I’m thinking more and more that we have to get rid of statistical significance, 95% intervals, and all the rest, and just come to a more fundamental acceptance of uncertainty.
In practice, I think we use confidence intervals and hypothesis tests as a way to avoid acknowledging uncertainty. We set up some rules and then act as if we know what is real and what is not. Even in my own applied work, I’ve often enough presented 95% intervals and gone on from there. But maybe that’s just not right.
I was thinking about this after receiving the following email from a psychology student:
I [the student] am trying to conceptualize the lessons in your paper with Stern with comparing treatment effects across studies. When trying to understand if a certain intervention works, we must look at what the literature says. However this can be complicated if the literature has divergent results. There are four situations I am thinking of. FOr each of these situations, assume the studies are randomized control designs with the same treatment and outcome measures, and each situation refers to a different treatment. It is easiest for me to put it into a table. In each of these situations only 1 of 2 published studies is found to be statistically significant.
Sig in diff
Situation 1 Study A
Treatment is effective
Situation 2 Study C
Unclear, needs more replications
Situation 3 Study E
Unclear, needs more replications
Situation 4 Study G
Null/needs more replications
Here, Situation 1 refers to 2 studies that have similar effects in magnitude, though the larger of the 2 studies (smaller se) is the only sig one. SInce the difference between the two effects is itself, not statistically significant, we should conclude treatment in situation 1 is effective (this seems to be in line with your paper).
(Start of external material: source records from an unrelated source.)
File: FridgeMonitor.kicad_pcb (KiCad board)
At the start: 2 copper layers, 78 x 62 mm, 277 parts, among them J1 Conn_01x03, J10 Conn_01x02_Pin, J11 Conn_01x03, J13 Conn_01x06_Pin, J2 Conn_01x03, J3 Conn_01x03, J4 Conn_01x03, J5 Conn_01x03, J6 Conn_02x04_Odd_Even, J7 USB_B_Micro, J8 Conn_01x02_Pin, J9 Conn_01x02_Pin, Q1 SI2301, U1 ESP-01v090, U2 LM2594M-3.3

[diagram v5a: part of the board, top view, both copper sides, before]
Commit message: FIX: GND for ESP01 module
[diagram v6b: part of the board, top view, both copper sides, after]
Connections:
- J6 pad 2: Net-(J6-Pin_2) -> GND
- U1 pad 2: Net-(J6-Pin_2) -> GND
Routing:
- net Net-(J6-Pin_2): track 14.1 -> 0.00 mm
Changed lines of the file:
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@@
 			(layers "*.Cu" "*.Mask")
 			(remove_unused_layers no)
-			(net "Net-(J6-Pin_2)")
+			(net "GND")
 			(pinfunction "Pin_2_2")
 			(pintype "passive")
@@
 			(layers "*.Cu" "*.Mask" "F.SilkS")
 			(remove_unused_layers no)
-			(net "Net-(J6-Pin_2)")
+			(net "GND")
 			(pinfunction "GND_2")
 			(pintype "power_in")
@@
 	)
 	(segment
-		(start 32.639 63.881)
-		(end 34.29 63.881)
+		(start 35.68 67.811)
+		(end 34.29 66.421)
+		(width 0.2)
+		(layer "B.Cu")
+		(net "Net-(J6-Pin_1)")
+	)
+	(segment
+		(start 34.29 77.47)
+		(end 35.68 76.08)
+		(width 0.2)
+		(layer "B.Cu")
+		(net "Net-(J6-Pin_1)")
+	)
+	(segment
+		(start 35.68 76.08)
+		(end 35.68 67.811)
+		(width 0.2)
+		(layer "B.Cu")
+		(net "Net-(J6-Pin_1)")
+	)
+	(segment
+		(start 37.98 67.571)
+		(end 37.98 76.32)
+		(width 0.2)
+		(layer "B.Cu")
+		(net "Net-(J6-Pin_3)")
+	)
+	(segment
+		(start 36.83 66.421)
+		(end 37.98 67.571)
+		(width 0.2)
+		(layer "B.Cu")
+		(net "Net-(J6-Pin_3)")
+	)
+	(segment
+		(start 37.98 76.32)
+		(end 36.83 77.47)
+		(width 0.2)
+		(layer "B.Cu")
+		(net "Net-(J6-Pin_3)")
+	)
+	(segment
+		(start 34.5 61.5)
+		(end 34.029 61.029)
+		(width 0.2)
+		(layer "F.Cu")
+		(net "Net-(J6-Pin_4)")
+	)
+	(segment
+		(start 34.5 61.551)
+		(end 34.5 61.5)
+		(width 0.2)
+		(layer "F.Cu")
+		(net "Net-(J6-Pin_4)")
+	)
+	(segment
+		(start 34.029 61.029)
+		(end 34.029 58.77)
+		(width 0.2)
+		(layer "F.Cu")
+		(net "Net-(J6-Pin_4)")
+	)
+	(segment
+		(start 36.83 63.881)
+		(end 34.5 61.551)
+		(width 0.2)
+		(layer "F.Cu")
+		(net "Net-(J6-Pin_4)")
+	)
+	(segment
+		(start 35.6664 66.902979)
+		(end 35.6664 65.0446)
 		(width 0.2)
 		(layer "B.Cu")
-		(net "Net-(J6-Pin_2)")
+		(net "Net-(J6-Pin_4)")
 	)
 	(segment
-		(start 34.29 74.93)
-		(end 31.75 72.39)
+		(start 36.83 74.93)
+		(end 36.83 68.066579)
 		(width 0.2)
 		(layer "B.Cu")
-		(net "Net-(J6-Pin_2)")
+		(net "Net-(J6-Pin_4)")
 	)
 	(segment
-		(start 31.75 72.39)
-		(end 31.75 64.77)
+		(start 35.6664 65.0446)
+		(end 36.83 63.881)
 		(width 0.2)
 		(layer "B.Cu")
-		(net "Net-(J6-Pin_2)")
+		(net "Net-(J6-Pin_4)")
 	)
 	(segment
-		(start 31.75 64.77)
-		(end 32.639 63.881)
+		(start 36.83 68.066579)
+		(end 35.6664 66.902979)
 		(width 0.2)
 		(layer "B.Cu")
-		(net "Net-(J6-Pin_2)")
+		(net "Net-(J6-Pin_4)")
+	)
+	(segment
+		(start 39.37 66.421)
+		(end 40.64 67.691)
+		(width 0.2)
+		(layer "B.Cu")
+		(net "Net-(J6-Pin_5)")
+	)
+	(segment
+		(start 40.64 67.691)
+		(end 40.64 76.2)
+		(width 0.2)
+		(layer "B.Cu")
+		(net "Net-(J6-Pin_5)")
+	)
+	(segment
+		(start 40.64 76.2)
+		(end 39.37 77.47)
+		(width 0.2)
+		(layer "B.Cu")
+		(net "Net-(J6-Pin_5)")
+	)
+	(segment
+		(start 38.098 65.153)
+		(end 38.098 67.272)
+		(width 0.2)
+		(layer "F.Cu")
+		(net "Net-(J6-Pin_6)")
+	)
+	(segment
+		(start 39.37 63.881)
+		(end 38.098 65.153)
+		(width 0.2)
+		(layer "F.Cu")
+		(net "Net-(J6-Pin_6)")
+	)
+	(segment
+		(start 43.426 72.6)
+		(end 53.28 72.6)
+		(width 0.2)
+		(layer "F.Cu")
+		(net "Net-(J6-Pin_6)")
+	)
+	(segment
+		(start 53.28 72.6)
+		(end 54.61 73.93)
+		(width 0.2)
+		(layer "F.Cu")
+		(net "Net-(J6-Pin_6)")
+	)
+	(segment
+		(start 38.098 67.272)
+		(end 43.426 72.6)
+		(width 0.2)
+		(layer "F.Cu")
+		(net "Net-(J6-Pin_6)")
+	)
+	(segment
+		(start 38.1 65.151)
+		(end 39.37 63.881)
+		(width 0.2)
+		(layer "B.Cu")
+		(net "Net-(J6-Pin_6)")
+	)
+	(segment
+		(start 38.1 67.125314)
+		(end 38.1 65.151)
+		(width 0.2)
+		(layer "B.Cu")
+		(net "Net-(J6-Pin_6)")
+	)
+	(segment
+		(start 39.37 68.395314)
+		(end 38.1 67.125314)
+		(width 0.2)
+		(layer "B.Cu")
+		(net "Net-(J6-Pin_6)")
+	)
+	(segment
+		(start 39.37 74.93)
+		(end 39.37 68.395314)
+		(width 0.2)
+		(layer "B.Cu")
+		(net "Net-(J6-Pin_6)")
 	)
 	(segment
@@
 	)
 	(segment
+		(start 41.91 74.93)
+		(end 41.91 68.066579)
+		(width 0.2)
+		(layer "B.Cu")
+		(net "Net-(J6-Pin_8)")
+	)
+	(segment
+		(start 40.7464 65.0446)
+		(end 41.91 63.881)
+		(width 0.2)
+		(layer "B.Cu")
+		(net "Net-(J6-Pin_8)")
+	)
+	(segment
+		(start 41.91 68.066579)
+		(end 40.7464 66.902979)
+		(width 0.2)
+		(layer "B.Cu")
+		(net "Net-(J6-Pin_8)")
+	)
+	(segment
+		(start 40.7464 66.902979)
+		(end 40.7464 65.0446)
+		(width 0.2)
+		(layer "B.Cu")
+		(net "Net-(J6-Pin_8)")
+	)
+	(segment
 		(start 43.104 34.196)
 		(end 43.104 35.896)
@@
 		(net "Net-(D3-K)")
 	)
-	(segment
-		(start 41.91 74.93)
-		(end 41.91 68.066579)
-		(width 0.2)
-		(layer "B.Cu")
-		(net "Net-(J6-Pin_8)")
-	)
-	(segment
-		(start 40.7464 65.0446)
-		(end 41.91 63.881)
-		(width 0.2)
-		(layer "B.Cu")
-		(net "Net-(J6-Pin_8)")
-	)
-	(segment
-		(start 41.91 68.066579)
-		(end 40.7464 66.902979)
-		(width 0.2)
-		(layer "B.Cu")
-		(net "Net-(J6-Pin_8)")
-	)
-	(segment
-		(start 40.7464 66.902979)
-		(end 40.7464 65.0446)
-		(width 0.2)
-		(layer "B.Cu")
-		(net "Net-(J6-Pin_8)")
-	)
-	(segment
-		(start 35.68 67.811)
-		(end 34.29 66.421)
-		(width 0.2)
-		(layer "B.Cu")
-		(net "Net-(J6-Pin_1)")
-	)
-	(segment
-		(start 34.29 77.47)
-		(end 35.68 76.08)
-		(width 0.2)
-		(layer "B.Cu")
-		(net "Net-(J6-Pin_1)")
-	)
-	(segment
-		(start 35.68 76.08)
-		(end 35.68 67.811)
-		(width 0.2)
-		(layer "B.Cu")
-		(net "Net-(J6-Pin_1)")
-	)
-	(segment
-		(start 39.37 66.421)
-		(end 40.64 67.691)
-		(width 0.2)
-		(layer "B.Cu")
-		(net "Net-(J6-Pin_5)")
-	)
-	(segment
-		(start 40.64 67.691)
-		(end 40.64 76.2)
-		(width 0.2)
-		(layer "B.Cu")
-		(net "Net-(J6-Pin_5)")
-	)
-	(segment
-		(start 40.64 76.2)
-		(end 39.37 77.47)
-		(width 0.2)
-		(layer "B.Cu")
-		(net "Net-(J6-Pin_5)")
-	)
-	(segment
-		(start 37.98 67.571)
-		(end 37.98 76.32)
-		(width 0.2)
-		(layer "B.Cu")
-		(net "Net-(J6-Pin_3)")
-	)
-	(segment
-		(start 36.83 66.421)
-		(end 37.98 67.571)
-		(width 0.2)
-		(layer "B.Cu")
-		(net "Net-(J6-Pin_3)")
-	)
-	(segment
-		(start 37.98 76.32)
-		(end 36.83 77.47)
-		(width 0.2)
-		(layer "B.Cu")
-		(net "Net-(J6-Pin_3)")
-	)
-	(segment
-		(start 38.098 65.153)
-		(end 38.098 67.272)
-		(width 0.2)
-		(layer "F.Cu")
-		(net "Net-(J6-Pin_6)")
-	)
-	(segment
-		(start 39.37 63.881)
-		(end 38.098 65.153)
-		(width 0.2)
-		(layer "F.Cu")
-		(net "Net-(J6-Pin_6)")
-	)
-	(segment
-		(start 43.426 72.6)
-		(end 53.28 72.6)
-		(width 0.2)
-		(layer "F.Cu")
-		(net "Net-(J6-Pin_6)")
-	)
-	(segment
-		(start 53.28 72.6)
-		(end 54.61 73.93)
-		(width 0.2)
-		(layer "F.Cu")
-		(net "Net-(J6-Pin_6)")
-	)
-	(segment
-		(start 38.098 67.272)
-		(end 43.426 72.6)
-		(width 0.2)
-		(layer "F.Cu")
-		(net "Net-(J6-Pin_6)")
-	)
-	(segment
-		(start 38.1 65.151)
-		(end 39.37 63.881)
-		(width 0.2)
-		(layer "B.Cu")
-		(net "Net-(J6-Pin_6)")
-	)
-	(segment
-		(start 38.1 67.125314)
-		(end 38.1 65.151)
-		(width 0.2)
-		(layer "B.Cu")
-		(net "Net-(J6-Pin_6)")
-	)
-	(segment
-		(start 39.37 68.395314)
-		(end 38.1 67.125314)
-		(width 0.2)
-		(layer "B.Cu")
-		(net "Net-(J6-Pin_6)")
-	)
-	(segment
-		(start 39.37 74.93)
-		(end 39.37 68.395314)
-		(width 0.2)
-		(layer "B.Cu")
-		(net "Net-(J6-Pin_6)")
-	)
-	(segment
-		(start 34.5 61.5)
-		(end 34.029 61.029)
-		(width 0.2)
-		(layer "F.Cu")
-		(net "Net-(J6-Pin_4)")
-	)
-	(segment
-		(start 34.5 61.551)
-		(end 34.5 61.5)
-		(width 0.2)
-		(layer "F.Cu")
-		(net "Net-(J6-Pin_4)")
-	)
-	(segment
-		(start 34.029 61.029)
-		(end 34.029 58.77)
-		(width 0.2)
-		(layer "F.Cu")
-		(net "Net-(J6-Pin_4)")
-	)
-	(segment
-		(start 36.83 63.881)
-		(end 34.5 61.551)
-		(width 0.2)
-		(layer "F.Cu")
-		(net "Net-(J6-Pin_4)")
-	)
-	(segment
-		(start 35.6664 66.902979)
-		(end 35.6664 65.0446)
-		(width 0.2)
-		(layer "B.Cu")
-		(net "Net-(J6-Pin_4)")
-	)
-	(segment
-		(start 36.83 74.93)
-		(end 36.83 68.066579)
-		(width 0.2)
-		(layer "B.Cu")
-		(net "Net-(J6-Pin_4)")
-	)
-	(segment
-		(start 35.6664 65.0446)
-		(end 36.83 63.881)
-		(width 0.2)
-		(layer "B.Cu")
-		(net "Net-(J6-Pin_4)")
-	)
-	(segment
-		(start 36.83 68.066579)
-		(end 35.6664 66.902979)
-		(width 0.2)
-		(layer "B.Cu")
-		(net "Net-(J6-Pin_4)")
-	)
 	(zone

In situation 2 there are 2 equally sized experiments that differ in treatment effect and significance. Since the difference between the estimates is statistically significant, one concludes the paradigm needs more replications.
In situation 3 the 2 studies have 2 effects, one is statistically significant while the other is not. However in this situation study F is neither statistically nor substantively significant. Unlike situation 1 it would seem unwise to conclude Treatment in situation 3 is effective and we need more replications.
Situation 4 is just some result I cam across in a research synthesis, where a smaller study (larger se) had a statistically sig effect, but a larger one did not. It would seem in this situation the true effect is null and the stat sig effect is a type 1 error. However the difference between studies is not stat sig, would this matter?
I replied that my quick reaction is that it would be better if there were data from more studies. With only two studies, your inference will necessarily depend on your prior information about effectiveness and variation of the treatments.
The student then wrote:
That is my reaction as well. Unfortunately sometimes the only data we have is from a small number of studies, and not enough to necessarily run a meta-analysis on. In addition, the hypothetical situations I sent you are sometimes all we know about the effectiveness and variation in treatments, because it is all the evidence we have. What I am trying to better understand is if your paper is addressing situation 1 ONLY, or if it is making inferences or statements about the evidence in the other situations I presented.
To which I replied that I don’t know that our paper gives any real recommendations. In a decision problem, I think ultimately it’s necessary to bite the bullet and decide what prior information you have on effectiveness rather than relying on statistical significance.
This is a problem under classical or Bayesian methods. Either way, it’s standard practice to summarize uncertainty in a way that encourages deterministic thinking.